Need to catch up on some sleep and almanac says peak solar/lunar time is 15:00-17:30 so will launch from Akuna Bay at 2pm. Will be targetting the shoreline for bream.

Entrance to park is $11.

BTW, bought a couple of genuine YoZuri squid jigs and a shrimphunter clone in KL that I don't really need but couldn't resist the price.
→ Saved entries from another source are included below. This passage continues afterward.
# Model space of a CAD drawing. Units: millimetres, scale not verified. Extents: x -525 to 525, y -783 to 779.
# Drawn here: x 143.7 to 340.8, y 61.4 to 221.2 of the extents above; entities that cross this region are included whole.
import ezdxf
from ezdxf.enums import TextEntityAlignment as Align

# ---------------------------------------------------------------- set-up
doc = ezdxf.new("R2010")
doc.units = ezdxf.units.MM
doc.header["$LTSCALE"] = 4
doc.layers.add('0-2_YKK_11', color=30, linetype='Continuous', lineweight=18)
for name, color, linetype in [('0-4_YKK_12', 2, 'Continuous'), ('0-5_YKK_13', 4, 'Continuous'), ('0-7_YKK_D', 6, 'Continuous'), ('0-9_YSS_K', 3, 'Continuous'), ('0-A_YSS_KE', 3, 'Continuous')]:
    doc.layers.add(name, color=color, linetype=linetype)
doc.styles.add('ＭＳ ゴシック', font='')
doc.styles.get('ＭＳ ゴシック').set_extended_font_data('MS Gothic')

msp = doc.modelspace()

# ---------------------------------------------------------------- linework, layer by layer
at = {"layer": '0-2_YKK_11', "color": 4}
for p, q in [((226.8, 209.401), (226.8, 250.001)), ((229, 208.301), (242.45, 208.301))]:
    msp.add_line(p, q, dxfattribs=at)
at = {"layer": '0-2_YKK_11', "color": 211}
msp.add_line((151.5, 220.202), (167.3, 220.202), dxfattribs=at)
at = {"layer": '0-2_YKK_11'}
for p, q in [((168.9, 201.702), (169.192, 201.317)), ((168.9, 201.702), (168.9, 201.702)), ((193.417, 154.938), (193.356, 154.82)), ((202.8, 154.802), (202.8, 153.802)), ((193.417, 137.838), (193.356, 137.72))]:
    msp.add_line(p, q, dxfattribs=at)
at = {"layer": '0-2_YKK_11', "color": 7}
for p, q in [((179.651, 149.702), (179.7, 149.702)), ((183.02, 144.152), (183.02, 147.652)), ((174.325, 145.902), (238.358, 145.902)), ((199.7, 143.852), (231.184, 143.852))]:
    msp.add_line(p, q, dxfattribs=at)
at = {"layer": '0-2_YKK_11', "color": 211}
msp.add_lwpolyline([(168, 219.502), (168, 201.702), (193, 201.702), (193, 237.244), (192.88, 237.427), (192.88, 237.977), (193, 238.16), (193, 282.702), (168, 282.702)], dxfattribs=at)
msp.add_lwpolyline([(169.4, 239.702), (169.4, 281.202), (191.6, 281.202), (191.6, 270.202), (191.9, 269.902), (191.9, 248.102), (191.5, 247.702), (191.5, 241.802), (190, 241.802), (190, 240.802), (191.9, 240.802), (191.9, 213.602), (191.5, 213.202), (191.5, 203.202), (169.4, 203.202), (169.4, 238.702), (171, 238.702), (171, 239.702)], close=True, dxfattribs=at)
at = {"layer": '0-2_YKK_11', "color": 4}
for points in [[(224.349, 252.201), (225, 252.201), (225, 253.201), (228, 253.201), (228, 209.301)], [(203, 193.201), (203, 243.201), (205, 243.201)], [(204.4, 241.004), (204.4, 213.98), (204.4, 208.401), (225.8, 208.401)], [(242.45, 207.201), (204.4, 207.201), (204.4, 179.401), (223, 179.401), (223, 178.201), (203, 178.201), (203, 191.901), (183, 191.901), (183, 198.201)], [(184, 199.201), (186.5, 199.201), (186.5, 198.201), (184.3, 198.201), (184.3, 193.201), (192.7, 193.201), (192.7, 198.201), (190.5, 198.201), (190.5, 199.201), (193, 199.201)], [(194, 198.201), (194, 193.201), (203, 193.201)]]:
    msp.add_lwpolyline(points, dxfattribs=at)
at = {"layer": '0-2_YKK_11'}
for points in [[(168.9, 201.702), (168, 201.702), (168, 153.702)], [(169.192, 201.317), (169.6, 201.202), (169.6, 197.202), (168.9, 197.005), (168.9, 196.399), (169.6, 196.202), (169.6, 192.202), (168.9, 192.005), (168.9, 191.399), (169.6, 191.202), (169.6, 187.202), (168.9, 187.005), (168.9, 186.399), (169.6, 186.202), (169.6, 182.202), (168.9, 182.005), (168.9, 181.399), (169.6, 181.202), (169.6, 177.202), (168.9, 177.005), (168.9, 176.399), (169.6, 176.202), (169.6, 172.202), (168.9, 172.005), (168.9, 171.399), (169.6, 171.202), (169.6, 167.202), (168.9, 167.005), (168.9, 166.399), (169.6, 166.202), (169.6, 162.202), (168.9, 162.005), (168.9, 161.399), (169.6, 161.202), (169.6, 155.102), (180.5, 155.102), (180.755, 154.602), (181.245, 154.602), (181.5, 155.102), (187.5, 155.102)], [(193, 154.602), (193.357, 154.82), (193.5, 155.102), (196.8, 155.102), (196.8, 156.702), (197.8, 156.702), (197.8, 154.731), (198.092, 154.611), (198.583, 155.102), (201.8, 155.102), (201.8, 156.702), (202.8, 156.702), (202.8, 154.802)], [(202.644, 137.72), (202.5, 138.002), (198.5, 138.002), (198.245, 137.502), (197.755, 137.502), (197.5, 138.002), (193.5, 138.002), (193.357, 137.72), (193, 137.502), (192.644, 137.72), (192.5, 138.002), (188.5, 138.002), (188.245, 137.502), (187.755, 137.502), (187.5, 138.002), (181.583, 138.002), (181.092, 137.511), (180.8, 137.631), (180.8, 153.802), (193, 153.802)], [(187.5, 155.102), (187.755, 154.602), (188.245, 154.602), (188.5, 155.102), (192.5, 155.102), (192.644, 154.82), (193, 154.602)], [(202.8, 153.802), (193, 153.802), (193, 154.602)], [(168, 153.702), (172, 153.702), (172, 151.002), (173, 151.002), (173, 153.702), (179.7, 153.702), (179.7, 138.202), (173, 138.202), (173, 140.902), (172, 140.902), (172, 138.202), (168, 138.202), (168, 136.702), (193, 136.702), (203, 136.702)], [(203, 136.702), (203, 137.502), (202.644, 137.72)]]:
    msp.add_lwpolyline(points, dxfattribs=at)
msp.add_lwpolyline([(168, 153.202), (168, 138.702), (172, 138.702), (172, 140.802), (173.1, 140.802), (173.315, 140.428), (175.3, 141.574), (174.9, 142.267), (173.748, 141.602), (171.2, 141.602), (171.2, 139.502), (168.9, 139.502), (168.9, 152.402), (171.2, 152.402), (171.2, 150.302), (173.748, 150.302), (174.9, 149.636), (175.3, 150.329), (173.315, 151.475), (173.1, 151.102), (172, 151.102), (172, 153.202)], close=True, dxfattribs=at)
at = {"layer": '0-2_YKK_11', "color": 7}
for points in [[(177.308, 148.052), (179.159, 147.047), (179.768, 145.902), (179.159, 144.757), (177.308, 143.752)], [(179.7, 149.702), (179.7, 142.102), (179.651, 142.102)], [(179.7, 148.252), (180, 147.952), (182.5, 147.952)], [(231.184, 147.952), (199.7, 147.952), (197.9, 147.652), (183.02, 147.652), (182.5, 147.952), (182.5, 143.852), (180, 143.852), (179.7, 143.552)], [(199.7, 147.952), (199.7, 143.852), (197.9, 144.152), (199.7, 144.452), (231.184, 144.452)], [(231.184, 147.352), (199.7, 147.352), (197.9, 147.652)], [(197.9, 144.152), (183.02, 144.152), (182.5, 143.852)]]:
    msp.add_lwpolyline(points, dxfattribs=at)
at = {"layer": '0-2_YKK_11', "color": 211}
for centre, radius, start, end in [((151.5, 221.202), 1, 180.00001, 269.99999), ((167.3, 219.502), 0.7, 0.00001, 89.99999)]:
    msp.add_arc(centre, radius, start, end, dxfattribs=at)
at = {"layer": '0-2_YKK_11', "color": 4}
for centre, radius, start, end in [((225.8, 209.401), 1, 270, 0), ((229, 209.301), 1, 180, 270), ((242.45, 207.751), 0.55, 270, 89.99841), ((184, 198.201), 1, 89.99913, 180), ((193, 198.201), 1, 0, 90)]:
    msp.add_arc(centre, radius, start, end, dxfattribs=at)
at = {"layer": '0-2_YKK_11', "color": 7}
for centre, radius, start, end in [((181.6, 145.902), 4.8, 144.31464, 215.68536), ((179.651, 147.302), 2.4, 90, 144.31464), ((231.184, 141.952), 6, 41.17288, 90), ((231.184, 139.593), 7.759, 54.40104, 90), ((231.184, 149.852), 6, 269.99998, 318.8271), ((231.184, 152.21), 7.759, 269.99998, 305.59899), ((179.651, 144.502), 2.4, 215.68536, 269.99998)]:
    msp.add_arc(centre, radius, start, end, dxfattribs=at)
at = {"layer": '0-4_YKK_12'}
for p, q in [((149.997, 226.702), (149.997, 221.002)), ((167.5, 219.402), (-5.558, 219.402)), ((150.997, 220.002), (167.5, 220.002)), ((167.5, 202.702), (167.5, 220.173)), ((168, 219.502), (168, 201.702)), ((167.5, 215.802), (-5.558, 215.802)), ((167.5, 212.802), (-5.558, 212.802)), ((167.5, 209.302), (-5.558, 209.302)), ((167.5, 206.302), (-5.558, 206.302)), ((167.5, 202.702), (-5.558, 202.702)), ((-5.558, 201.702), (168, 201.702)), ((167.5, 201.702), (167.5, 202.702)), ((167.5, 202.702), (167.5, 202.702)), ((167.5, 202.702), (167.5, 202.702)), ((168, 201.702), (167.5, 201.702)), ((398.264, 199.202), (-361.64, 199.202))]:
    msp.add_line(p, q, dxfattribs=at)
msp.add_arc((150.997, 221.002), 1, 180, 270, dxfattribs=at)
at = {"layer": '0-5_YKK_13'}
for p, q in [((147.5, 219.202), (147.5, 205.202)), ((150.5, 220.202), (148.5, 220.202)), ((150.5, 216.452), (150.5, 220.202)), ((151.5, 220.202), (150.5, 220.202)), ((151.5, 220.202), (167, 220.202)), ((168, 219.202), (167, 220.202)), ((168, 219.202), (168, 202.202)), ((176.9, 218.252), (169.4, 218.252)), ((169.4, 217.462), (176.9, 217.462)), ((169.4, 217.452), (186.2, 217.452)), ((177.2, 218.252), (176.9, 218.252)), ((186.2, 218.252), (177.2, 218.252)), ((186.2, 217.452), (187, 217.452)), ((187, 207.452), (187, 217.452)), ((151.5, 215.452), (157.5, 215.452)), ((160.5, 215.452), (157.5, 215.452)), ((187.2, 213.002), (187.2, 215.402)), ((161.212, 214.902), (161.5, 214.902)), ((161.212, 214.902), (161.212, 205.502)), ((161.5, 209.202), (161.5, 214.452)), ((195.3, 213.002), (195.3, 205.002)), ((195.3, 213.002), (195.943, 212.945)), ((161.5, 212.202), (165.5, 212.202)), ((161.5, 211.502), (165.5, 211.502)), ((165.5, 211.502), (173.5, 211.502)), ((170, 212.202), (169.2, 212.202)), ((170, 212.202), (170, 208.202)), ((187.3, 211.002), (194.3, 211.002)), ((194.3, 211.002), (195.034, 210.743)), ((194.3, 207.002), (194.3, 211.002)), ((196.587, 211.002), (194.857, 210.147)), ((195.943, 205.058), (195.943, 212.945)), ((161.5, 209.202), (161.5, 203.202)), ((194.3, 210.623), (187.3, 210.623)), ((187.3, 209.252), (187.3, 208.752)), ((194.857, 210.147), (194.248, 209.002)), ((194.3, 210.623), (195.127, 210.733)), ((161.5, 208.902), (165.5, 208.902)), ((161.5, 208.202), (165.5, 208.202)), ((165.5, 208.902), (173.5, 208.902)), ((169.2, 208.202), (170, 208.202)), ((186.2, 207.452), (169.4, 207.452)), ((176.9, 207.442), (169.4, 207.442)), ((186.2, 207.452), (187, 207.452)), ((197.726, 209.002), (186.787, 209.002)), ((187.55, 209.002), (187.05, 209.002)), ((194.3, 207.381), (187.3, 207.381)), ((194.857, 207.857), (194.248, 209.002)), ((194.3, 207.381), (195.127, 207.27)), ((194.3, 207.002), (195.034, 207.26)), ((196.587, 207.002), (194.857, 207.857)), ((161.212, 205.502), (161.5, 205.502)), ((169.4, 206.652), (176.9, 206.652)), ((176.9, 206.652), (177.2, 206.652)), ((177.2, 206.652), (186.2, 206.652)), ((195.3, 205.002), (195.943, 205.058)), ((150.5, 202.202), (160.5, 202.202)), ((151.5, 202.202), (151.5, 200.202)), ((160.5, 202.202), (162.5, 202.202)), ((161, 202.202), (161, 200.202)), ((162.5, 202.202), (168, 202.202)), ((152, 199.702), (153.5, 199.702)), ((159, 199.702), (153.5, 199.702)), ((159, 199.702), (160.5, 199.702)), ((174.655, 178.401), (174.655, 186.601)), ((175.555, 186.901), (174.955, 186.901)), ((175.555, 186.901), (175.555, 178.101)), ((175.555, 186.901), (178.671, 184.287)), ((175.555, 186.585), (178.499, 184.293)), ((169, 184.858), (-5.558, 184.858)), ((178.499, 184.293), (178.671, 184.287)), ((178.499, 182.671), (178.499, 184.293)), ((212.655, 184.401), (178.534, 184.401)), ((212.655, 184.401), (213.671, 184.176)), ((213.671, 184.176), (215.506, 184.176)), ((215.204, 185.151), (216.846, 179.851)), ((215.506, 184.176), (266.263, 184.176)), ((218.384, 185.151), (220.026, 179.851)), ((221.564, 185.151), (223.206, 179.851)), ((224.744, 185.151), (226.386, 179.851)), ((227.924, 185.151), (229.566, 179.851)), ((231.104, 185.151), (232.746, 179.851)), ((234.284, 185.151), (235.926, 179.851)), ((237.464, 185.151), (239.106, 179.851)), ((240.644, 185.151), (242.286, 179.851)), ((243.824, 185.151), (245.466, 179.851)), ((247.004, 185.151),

Will bring them with me and will sell them for $5 (unbelievable but true, place next door was selling them for twice as much) and $3


----------



## justcrusin (Oct 1, 2006)

would love too dave but I will be up at swansea for the old gal's b'day.

good luck Dave


----------



## Peril (Sep 5, 2005)

kraley said:


> Heya Dave.
> 
> I won't be able to make it up there today - I think I will stick around the parammata river (I am going to try to get some flatties/bream on fly - I am a glutton for punishment).
> 
> Good luck up there. What's your plan? SP's? HB's? Nippers?


Plan is to cast lures to the shore and work them back to the yak, keeping them near the bottom. Either sps or deep diving hbs. Probably will give a popper a go as the conditions are good for it (overcast).

Good luck on the fly. Should be able to pick up whiting over the flats


----------